Princess May winged pea
- Conservation status: Priority Three — Poorly Known Taxa (DEC)

Scientific classification
- Kingdom: Plantae
- Clade: Tracheophytes
- Clade: Angiosperms
- Clade: Eudicots
- Clade: Rosids
- Order: Fabales
- Family: Fabaceae
- Subfamily: Faboideae
- Genus: Bossiaea
- Species: B. zarae
- Binomial name: Bossiaea zarae R.L.Barrett

= Bossiaea zarae =

- Authority: R.L.Barrett
- Conservation status: P3

Species of legume

Bossiaea zarae, commonly known as Princess May winged pea, is a species of flowering plant in the pea family Fabaceae and is endemic to the northern Kimberley region of Western Australia. It is an erect shrub with winged stems, winged cladodes, scale-like leaves and yellow, and reddish-brown flowers.

==Description==
Bossiaea zarae is an erect shrub that typically grows up to 2.2 m high and 1.2 m wide. The stems are flattened, winged and up to 11 mm wide, ending in winged cladodes 1.9–3.4 mm wide. The leaves are reduced to dark brown, narrow egg-shaped scales, 1.1–2.0 mm long. The flowers are arranged singly or in pairs on pedicels 1.5–5.8 mm long with overlapping, narrow egg-shaped bracts up to 2.1 mm long at the base and narrow egg-shaped bracteoles about 1 mm long attached to the pedicels. The sepals are 5.3–7.0 mm long and joined at the base forming a tube, the two upper lobes 1.7–2.5 mm long and the lower three lobes 1.1–1.4 mm long. The standard petal is golden yellow with reddish brown marking, a yellow centre and 8.5–12.6 mm long, the wings uniformly yellow and 5.3–6.3 mm long, the keel yellowish and 12.1–15.4 mm long. Flowering has been observed in August and January and the fruit is an oblong pod 43–47 mm long.

==Taxonomy and naming==
Bossiaea zarae was first formally described in 2015 by Russell Lindsay Barrett in the journal Nuytsia from specimens collected on Bigge Island in 2008. The specific epithet (zarae) is from "the Arabic and Hebrew name Zara (meaning princess)", referring to the Princess May Ranges where this species was discovered.

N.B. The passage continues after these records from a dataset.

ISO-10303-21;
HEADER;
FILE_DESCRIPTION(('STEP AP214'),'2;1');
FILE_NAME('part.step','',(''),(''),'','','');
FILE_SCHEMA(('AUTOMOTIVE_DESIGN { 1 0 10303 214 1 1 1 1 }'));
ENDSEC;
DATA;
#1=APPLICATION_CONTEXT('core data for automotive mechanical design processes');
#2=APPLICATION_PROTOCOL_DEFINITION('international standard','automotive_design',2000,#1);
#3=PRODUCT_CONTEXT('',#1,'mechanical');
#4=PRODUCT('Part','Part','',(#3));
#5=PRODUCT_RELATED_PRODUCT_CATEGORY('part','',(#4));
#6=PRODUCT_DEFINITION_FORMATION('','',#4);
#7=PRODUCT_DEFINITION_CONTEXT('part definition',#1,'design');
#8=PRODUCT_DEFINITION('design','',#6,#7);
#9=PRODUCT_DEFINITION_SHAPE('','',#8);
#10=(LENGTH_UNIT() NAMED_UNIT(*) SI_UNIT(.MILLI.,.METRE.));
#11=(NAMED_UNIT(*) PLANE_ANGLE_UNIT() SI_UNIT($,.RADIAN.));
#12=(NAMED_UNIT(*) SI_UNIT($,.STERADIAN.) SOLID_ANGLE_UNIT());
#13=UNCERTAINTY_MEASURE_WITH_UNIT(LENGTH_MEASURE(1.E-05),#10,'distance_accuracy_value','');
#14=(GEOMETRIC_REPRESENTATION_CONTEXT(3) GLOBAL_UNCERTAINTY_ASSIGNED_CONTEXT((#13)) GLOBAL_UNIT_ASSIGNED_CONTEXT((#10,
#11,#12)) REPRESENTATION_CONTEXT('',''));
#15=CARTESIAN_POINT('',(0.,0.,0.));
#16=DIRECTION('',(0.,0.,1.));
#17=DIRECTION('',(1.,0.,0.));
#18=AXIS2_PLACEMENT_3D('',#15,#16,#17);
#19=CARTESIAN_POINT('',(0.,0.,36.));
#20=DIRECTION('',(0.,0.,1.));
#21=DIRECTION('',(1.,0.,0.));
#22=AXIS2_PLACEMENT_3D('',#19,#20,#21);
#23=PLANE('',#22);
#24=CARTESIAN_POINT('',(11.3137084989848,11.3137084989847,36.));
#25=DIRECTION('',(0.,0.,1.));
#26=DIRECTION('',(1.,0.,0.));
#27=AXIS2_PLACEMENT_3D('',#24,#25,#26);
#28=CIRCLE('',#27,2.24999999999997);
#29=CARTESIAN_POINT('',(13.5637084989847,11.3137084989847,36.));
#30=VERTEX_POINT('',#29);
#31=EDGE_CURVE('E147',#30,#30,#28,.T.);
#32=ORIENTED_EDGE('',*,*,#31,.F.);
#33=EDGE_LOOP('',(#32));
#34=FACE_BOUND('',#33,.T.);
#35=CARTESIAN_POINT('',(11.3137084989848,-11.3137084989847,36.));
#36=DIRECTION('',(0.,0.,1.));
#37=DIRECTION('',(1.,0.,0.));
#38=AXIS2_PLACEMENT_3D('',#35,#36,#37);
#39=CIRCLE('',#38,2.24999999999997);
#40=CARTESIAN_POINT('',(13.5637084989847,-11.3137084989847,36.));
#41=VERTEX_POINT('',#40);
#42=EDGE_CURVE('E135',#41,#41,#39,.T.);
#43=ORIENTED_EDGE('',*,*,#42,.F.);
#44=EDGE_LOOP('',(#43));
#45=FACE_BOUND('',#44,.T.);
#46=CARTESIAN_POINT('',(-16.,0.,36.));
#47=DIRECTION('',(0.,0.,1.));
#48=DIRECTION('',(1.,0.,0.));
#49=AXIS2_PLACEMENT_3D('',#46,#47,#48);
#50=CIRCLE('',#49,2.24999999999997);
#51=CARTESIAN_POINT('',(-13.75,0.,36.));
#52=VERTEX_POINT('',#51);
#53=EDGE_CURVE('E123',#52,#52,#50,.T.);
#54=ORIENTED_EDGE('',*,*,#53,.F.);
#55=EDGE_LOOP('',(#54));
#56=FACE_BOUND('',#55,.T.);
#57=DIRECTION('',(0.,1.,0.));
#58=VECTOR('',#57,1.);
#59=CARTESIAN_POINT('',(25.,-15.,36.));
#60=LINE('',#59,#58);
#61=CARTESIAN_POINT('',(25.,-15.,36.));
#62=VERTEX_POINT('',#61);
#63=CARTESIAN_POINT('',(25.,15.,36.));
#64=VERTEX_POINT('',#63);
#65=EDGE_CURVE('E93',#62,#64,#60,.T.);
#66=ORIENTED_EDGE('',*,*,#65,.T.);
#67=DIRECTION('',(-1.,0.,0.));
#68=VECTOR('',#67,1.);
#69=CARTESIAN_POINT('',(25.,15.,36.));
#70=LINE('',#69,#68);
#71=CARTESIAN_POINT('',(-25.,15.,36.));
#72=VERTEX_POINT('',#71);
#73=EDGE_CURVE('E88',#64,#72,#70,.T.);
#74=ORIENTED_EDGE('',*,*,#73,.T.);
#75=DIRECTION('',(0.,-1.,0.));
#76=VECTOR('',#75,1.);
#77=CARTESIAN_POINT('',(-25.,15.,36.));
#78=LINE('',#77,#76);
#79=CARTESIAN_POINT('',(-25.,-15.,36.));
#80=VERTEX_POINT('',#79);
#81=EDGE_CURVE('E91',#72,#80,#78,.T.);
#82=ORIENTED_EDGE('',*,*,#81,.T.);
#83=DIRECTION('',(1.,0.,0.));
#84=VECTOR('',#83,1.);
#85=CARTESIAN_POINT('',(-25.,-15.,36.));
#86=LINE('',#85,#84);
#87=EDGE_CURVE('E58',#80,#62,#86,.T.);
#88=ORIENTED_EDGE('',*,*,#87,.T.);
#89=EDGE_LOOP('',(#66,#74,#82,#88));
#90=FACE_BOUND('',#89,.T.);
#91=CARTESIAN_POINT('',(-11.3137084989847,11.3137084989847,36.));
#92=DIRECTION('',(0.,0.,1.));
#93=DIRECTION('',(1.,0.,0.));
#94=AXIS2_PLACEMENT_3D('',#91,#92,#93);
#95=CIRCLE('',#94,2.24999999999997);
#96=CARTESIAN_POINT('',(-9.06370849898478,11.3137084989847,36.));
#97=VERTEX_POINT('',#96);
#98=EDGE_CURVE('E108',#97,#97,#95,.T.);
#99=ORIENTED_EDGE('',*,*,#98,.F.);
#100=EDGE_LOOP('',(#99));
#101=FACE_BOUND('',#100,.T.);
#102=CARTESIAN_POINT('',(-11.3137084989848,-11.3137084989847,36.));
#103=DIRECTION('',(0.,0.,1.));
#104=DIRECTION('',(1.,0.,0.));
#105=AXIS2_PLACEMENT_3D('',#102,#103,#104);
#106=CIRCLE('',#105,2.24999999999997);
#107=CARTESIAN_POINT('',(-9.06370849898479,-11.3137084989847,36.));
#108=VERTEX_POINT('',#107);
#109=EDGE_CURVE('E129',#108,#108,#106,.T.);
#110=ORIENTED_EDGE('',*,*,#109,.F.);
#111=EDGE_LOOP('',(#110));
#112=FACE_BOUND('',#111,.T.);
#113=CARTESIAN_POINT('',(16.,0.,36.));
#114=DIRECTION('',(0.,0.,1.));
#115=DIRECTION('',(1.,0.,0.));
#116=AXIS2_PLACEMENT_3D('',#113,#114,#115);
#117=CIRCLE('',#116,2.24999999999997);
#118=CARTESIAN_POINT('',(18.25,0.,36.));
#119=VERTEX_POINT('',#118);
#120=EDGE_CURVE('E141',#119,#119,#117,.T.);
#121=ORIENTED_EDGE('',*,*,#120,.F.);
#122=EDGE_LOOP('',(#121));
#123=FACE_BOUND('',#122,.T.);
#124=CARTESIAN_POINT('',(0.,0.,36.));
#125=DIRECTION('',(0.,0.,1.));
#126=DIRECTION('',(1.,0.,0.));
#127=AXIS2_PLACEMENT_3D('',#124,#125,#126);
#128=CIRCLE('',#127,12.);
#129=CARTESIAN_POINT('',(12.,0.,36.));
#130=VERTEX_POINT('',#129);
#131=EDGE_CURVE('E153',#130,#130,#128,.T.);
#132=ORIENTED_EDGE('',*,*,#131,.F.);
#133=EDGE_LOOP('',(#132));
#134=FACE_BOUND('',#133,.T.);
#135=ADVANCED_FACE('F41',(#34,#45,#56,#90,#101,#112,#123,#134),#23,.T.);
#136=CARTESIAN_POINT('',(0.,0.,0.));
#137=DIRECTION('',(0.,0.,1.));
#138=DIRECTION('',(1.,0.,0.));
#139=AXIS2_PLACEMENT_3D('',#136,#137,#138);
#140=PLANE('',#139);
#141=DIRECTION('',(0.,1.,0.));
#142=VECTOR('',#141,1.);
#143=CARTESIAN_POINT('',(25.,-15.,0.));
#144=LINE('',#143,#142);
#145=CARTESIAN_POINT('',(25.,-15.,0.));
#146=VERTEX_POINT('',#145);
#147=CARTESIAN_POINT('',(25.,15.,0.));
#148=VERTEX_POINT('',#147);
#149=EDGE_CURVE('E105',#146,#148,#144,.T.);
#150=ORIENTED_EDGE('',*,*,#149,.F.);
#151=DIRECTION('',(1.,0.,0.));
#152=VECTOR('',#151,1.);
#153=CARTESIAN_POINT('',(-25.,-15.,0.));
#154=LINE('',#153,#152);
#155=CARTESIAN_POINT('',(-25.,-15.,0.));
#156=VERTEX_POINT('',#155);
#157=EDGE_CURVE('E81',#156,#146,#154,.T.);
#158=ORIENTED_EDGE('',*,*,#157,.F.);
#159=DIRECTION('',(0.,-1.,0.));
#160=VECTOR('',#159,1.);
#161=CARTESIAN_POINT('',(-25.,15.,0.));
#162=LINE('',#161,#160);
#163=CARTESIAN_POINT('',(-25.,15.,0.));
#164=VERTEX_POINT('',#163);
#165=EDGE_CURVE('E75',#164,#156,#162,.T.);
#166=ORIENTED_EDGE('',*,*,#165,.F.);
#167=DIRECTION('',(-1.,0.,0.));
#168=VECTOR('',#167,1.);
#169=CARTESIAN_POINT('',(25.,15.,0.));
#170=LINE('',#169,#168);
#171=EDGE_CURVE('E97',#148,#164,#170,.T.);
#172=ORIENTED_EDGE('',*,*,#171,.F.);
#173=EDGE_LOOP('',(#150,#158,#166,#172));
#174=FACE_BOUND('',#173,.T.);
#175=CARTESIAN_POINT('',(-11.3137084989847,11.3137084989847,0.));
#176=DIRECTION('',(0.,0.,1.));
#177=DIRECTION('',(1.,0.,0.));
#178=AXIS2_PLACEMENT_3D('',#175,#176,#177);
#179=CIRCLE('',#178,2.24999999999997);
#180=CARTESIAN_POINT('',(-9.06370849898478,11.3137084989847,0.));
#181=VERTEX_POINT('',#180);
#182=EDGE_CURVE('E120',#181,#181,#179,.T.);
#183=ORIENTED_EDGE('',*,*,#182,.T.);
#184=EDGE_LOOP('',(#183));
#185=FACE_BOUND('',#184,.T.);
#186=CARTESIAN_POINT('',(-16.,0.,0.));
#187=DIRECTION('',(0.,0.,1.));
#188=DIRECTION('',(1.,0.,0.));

==Distribution and habitat==
Princess May winged pea grows on sandstone ridges and pavements in low shrubland in the Prince Regent National Park and on Bigge Island in the northern Kimberley region of Western Australia.

==Conservation status==
This bossiaea is listed as "Priority Three" by the Government of Western Australia Department of Biodiversity, Conservation and Attractions, meaning that it is poorly known and known from only a few locations but is not under imminent threat.